Buswell Forest;1701905 said:


> 9 plows and 15 salts per month?


That's what I was thinking

Funny part is The guy I talk to is on Vacation till Jan 2nd and We have snow in forecast for Jan 1st 4-6'' I have no contact.I'll wait on a phone call again

Just e-mail of my price and Scope of work that the guy and I discuss on the phone


----------



## Sawboy (Dec 18, 2005)

You said you had a seasonal price yes? Season is most likely Dec-March. I'm guessing you had a number of events in mind when the initial quote was made. December is over. Seasonal x.75 for remaining number of events, divided by three.


----------



## Antlerart06 (Feb 28, 2011)

Sawboy;1702113 said:


> You said you had a seasonal price yes? Season is most likely Dec-March. I'm guessing you had a number of events in mind when the initial quote was made. December is over. Seasonal x.75 for remaining number of events, divided by three.

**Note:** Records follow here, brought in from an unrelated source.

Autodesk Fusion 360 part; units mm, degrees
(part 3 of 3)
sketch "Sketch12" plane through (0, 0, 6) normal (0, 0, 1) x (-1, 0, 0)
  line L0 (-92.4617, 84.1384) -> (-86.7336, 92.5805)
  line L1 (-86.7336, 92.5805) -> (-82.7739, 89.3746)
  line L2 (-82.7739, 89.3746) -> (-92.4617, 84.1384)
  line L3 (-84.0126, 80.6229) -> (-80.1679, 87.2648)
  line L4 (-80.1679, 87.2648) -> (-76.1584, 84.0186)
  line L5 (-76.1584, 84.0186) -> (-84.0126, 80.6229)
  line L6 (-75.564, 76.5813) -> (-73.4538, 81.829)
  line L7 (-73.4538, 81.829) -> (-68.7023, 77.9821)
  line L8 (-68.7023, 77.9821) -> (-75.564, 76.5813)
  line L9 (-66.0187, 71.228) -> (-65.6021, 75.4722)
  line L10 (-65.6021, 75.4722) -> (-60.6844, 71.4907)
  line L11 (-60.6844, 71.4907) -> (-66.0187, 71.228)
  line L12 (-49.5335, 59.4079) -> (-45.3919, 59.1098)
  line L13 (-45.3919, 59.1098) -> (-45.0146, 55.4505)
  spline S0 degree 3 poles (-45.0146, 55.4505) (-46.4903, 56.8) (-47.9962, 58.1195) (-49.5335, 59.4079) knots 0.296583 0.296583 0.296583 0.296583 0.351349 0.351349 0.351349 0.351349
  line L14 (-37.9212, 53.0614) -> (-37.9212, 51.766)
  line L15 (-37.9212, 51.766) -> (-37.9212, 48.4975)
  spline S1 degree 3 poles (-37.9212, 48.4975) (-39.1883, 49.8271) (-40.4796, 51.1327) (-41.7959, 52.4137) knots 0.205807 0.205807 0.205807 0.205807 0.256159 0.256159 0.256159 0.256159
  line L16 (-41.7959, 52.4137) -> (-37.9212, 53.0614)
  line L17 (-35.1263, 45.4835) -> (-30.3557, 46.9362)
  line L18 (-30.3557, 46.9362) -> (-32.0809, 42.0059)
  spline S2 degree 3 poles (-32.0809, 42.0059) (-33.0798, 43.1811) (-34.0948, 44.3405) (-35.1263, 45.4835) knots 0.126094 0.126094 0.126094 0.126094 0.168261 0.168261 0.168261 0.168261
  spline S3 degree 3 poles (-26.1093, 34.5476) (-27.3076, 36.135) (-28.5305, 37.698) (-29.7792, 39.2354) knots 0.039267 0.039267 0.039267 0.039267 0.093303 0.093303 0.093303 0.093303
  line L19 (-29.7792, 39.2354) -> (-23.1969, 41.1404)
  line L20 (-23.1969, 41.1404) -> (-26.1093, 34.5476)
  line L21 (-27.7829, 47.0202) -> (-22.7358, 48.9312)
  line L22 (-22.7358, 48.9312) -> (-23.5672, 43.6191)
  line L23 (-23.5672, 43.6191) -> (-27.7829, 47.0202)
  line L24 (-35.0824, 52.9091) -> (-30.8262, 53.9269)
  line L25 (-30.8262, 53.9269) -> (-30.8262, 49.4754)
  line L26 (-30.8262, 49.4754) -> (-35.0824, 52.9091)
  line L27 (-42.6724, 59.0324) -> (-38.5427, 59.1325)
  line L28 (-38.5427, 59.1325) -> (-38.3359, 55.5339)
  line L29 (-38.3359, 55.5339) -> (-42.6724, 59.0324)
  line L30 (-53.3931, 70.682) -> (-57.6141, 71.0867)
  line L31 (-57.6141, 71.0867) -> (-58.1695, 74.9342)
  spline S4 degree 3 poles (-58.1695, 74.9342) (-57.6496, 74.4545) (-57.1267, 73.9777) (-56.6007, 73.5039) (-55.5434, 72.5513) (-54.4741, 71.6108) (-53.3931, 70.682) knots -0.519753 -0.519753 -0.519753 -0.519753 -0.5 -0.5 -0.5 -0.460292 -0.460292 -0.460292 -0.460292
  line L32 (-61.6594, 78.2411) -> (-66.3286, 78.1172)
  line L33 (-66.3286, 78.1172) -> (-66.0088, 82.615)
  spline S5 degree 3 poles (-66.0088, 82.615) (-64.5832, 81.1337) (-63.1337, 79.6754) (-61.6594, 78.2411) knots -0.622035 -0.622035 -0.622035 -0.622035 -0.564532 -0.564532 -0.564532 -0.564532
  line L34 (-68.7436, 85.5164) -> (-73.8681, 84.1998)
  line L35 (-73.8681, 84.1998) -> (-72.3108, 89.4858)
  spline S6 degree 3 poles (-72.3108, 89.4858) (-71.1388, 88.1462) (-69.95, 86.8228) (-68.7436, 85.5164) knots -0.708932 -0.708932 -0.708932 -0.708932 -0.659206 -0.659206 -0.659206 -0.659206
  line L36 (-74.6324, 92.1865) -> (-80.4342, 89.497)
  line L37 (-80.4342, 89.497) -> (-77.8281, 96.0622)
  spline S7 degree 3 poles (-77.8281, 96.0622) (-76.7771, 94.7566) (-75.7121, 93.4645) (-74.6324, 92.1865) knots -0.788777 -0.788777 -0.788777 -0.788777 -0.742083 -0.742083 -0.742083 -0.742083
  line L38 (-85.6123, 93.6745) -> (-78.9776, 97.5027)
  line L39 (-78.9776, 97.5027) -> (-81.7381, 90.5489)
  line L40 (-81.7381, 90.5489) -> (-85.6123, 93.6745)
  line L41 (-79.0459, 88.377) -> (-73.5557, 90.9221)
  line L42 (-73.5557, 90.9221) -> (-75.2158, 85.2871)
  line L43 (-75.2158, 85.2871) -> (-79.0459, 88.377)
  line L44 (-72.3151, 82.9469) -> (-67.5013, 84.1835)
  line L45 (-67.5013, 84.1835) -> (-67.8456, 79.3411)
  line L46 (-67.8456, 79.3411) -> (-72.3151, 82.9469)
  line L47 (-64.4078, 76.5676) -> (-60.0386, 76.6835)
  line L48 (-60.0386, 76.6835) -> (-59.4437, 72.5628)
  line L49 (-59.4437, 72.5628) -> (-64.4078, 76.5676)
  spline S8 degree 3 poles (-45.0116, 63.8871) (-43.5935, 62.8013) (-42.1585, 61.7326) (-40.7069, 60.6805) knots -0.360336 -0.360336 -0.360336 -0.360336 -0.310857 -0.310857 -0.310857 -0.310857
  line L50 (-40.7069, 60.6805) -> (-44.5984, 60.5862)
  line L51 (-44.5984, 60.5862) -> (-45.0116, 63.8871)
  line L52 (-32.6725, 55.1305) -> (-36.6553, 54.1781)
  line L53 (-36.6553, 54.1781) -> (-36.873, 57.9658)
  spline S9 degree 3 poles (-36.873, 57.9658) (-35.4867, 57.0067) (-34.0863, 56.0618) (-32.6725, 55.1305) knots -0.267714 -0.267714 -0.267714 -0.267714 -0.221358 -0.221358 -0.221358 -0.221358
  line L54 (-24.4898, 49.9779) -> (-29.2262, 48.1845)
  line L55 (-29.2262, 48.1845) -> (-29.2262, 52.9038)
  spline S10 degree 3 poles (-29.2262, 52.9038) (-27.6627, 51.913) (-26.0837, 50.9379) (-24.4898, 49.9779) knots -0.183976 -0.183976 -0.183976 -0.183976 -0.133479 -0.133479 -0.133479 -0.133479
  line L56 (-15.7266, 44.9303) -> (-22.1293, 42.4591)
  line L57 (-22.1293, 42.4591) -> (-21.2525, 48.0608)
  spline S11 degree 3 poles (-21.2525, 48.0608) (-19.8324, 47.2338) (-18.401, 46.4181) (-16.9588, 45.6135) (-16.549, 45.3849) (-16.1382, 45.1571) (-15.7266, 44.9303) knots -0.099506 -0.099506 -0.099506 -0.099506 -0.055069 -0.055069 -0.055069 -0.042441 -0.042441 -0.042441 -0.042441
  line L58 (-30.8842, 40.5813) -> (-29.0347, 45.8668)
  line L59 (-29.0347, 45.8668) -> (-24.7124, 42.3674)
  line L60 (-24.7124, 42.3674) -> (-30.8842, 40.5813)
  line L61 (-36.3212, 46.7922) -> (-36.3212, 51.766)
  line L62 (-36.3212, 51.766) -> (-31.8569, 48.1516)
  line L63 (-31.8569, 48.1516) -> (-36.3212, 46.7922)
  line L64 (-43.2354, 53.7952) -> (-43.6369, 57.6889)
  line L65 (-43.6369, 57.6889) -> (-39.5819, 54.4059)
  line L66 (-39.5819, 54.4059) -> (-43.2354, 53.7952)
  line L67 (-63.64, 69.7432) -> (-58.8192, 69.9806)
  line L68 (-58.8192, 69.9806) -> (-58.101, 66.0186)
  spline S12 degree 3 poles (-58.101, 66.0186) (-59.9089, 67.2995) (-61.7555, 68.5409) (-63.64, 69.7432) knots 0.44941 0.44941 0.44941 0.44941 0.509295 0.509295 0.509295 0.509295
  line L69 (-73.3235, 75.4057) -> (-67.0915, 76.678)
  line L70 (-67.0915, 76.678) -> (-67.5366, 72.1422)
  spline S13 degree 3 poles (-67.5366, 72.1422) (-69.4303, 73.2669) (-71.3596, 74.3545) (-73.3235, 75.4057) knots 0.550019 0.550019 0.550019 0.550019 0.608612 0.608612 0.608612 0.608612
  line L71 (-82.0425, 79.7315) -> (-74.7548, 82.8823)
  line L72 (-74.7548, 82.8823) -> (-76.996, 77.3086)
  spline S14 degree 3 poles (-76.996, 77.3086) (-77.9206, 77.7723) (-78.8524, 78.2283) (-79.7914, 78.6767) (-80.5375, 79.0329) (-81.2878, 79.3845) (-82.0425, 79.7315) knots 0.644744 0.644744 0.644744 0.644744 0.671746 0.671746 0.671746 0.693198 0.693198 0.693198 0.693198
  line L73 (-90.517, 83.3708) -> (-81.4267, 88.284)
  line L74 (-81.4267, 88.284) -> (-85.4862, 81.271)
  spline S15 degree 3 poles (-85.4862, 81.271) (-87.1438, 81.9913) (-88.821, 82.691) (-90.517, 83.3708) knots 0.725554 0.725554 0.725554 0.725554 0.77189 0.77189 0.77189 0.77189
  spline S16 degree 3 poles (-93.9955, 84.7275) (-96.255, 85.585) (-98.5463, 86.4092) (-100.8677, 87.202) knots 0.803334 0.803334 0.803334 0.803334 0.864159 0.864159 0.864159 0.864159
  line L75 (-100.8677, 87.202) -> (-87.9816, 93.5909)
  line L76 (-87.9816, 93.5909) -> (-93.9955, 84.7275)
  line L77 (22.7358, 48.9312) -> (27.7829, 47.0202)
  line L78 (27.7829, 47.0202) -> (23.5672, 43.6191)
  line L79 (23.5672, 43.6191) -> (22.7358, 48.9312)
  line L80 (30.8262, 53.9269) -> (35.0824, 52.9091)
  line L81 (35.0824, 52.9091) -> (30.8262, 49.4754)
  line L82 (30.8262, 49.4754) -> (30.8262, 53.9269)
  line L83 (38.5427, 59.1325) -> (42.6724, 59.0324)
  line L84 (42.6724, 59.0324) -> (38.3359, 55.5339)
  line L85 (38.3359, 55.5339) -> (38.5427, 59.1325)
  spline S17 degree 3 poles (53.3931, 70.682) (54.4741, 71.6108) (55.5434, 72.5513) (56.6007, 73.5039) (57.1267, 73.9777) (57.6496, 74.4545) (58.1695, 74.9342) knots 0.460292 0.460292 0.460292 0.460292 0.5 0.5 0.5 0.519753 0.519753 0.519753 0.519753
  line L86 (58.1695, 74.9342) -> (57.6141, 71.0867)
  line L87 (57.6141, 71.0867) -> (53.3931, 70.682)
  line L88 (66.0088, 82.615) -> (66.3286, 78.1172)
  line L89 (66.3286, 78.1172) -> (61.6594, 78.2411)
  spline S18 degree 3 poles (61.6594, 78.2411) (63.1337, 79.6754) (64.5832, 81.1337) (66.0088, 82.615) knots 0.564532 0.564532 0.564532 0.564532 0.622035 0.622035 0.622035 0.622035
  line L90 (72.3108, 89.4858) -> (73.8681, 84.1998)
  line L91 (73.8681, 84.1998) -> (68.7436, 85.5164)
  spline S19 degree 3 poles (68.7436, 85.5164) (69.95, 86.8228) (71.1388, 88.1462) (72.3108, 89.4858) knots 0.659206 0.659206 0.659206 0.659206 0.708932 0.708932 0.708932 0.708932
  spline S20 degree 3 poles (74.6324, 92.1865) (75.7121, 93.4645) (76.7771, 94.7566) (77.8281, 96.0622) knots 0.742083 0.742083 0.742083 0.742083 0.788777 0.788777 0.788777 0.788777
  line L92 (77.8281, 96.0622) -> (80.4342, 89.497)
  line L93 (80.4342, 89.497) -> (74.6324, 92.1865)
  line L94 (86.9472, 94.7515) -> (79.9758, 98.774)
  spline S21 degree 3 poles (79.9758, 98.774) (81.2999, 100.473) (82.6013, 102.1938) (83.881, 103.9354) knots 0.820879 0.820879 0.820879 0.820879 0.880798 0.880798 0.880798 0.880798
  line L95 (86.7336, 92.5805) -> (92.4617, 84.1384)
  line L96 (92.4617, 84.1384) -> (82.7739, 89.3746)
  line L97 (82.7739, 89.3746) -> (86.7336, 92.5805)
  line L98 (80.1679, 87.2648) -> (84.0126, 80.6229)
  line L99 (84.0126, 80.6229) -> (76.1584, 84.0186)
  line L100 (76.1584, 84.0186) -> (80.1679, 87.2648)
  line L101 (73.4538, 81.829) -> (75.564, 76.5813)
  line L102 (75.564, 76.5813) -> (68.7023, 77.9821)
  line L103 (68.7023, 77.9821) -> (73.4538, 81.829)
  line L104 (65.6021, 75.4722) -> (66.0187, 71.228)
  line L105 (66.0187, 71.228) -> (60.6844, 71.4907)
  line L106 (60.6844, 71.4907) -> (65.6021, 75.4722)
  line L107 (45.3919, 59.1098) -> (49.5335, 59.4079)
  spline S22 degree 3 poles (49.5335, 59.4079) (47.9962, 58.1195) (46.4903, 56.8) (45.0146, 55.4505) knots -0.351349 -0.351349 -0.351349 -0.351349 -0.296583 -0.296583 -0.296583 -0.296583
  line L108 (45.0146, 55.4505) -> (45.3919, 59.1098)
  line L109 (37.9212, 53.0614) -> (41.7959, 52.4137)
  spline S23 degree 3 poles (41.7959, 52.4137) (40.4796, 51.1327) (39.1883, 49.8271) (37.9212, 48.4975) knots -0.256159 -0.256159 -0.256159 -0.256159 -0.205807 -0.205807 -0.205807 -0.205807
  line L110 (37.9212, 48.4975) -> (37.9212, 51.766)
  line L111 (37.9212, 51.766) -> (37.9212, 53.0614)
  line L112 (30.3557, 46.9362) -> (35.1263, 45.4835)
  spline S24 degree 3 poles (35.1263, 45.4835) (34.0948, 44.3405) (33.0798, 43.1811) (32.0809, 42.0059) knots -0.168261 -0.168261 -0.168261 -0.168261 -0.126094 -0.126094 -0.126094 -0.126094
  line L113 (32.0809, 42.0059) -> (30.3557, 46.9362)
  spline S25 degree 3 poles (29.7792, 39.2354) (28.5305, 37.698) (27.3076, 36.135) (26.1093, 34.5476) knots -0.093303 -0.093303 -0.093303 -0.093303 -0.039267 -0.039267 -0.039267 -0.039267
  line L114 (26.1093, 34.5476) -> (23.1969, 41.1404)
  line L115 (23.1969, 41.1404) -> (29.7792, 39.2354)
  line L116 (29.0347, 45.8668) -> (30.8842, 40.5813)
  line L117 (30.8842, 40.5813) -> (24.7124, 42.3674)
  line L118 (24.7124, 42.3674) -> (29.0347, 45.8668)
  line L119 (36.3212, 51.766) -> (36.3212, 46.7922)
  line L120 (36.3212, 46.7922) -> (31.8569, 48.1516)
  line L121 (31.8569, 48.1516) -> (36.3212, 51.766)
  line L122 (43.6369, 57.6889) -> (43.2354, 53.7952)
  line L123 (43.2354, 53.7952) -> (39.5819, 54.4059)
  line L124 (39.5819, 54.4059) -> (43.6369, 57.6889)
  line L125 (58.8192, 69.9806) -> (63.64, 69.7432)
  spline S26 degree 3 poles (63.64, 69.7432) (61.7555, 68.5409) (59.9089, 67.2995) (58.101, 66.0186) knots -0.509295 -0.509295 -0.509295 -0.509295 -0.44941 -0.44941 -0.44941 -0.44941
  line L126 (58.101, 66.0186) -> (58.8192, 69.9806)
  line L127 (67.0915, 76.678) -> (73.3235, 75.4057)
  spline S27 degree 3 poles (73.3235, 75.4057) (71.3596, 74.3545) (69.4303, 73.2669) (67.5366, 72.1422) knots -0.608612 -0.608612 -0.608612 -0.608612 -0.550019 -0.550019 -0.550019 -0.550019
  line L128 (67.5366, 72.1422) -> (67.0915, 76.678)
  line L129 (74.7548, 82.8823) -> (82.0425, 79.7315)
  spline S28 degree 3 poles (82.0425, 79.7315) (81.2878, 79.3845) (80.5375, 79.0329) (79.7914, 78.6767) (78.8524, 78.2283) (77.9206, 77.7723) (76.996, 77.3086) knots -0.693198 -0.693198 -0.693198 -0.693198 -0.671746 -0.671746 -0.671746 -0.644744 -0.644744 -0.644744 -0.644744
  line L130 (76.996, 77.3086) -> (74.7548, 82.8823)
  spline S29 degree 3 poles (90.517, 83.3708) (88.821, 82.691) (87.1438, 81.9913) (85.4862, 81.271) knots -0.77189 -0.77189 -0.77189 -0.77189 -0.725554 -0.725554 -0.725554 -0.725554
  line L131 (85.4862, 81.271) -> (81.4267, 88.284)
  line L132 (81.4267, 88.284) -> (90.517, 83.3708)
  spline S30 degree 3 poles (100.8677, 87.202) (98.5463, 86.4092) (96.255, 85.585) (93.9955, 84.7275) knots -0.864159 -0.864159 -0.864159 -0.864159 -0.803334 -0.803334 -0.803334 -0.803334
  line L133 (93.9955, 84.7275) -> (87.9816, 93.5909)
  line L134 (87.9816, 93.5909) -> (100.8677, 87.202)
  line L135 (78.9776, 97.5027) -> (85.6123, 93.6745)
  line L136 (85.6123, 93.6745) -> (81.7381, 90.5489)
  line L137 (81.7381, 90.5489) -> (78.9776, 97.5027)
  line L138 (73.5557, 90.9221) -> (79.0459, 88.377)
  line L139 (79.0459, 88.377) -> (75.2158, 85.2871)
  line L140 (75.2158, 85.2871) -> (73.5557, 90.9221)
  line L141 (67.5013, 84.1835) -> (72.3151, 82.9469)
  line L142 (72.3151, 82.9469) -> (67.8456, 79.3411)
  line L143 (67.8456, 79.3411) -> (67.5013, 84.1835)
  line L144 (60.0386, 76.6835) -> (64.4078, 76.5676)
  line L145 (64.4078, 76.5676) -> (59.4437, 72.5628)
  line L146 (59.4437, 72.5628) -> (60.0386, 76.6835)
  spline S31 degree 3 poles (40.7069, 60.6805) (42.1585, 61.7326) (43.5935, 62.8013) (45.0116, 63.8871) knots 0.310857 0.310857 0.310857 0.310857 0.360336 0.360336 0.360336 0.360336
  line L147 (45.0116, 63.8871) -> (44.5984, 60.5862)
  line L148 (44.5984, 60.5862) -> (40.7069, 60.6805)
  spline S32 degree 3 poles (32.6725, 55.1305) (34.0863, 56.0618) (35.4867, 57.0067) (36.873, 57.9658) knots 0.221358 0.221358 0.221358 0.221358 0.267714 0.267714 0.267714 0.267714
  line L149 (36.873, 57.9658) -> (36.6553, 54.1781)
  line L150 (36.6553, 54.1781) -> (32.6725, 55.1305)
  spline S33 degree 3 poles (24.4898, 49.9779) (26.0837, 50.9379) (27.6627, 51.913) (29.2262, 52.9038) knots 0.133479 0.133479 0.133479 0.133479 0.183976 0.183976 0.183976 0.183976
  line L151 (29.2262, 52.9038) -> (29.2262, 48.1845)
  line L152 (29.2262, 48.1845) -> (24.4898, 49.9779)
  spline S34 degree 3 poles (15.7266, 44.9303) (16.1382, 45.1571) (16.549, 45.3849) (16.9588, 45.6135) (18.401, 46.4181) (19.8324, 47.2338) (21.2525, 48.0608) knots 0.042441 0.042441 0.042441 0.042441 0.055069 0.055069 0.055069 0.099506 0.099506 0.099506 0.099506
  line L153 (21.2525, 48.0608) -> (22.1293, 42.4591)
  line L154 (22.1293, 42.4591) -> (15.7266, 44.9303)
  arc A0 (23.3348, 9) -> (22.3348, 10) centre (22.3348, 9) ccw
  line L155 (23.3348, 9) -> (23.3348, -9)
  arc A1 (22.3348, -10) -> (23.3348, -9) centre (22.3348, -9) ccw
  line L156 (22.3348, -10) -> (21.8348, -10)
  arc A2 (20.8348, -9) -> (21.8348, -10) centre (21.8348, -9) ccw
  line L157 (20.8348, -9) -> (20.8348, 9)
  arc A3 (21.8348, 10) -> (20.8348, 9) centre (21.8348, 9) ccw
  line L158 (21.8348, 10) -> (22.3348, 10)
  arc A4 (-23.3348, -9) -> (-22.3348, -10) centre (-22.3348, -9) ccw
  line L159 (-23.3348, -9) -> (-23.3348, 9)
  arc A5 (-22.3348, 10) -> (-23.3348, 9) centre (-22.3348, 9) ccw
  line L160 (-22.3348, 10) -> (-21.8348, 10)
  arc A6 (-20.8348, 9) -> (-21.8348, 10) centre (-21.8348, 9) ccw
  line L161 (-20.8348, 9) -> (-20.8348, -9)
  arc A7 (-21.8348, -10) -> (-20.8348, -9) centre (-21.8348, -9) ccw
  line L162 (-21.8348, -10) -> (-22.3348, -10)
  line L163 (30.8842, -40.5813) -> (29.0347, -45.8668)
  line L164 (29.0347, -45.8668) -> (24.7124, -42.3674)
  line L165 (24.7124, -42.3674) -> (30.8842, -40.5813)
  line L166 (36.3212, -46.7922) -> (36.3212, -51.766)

Yes I had one in Oct it was broke up from Nov to March for 5 payments

Dec is always a slow month. So thinking I go with what 4 payments divide it by 3

You know how they pay. They will be a month behind on payment So I wont see Jan $$ till Feb

Since Summer work Im still waiting on $1250 now waiting on the Snow $$$

I wonder if I get them pay for Jan up front before I do any work?


----------



## Sawboy (Dec 18, 2005)

5 months makes each month .20 of the equation.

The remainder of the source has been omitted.